### RECORDS PROVIDED ###
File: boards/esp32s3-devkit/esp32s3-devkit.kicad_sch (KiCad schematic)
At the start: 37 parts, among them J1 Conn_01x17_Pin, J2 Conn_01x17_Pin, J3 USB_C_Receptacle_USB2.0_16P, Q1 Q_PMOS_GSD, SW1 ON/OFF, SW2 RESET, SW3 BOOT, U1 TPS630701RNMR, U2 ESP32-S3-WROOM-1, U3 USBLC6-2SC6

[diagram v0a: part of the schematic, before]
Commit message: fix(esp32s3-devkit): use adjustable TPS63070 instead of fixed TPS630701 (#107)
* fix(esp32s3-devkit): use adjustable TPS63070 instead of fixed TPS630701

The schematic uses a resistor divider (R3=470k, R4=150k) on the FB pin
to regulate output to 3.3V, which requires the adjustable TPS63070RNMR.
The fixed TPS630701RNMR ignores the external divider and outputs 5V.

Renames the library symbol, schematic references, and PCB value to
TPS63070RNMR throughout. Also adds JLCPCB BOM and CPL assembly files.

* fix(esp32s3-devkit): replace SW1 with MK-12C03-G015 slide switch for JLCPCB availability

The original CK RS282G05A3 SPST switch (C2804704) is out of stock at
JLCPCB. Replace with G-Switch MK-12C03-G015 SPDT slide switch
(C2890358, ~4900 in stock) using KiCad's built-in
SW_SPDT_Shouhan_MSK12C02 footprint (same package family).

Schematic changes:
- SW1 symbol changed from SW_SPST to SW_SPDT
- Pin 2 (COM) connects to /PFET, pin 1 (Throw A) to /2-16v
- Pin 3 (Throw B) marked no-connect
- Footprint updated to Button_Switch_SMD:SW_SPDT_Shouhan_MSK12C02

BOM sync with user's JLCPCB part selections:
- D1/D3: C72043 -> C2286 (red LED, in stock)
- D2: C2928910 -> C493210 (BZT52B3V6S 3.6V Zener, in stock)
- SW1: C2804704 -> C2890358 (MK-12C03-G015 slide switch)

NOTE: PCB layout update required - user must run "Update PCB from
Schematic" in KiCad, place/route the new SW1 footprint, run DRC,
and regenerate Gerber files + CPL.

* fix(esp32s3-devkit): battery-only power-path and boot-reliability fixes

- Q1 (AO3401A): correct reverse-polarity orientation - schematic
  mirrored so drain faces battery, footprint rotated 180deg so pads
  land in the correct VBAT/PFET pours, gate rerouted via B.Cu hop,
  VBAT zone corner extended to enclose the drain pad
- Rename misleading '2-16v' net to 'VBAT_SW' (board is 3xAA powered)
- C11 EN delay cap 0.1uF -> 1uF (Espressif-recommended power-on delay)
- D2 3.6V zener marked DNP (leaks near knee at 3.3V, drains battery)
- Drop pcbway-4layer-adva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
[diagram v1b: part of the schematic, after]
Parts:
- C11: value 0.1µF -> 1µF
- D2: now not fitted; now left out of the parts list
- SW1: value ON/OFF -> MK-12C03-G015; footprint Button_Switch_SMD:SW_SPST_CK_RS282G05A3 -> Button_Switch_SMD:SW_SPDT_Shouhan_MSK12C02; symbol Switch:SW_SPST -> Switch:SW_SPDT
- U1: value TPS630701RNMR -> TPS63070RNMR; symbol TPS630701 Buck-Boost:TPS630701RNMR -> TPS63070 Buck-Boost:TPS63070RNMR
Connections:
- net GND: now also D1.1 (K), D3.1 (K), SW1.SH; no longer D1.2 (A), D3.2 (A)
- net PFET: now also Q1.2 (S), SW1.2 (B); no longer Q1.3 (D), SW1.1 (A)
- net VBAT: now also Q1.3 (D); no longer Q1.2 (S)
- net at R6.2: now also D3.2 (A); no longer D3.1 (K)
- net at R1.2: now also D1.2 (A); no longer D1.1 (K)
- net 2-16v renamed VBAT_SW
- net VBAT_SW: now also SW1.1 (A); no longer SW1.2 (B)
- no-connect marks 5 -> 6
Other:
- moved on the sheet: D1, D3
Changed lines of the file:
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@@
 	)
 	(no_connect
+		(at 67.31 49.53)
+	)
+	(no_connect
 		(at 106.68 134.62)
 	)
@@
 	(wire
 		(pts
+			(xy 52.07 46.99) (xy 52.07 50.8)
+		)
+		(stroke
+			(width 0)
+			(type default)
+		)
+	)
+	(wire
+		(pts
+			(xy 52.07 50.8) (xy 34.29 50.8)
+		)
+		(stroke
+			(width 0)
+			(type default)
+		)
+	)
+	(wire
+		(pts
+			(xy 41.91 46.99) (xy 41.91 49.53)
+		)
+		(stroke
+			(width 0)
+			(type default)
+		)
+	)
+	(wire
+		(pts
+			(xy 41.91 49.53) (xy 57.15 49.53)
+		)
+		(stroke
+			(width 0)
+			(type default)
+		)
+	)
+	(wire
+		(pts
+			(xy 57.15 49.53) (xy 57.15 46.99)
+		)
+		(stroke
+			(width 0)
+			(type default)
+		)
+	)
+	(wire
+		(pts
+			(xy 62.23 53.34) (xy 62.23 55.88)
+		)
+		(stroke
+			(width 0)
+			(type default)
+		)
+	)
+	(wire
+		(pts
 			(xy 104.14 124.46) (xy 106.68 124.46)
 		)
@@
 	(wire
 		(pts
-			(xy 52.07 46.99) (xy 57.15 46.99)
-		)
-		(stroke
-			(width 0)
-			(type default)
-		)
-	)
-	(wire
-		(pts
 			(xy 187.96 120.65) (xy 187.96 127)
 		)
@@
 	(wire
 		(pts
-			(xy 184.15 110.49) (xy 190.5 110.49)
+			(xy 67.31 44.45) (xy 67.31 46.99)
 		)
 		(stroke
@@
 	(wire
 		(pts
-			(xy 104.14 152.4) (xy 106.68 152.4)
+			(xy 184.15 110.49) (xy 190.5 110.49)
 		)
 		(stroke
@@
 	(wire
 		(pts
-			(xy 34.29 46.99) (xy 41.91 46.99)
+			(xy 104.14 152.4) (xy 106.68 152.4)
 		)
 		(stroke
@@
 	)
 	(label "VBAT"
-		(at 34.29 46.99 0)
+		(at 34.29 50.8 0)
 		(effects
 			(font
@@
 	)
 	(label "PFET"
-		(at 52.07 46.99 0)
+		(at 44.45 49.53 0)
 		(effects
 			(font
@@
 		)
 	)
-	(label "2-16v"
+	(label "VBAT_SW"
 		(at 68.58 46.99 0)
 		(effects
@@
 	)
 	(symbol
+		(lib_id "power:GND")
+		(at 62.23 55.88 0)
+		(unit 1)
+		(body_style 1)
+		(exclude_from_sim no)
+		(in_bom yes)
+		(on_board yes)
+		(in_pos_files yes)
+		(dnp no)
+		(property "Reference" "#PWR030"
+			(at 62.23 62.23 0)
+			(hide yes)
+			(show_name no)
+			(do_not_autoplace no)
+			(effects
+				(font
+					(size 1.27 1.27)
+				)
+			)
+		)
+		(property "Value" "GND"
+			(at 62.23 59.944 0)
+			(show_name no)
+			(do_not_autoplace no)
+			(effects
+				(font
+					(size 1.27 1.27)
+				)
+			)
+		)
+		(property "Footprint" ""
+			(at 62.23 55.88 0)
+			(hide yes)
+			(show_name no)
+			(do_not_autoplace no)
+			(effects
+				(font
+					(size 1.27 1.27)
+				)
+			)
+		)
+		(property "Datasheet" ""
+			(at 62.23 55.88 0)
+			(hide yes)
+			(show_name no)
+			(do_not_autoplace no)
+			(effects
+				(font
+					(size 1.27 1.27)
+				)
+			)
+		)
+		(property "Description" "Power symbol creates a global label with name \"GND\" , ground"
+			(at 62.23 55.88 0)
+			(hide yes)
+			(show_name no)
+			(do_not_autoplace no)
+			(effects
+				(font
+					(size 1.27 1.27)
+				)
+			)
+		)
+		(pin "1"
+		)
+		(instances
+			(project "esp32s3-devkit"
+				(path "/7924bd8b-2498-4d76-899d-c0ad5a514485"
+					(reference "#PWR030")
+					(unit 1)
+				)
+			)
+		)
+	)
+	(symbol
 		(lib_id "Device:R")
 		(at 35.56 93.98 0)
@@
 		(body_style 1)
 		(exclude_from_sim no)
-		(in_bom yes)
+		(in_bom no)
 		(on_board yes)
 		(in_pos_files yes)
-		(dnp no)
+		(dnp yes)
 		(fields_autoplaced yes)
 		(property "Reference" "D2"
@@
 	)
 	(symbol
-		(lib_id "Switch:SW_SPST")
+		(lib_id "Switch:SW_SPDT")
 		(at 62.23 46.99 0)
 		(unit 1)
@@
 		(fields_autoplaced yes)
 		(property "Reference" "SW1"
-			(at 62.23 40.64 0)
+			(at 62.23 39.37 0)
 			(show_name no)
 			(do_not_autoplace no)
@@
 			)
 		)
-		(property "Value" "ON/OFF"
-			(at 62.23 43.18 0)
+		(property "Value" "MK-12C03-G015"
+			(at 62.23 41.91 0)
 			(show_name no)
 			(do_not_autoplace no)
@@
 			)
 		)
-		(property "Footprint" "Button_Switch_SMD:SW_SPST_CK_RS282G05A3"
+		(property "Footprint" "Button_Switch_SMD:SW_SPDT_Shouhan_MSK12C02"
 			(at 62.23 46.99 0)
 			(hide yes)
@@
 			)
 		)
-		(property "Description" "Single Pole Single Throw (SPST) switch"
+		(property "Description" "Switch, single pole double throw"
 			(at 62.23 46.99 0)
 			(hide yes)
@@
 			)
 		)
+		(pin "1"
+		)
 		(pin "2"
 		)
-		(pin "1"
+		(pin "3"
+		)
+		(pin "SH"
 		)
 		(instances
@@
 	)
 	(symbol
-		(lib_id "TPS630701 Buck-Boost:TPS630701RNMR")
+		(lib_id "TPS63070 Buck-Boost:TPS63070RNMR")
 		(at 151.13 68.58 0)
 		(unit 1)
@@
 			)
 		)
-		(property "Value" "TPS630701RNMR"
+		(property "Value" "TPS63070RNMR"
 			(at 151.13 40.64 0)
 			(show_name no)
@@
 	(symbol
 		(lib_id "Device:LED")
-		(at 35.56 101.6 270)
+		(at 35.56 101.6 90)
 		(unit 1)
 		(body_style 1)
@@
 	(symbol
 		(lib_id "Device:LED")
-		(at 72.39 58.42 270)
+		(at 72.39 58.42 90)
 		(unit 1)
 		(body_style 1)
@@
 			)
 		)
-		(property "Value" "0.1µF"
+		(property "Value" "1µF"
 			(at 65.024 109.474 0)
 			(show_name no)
###
If a line in the entries above has the word "user", copy it.

> **RESPONSE**:
BOM sync with user's JLCPCB part selections:
NOTE: PCB layout update required - user must run "Update PCB from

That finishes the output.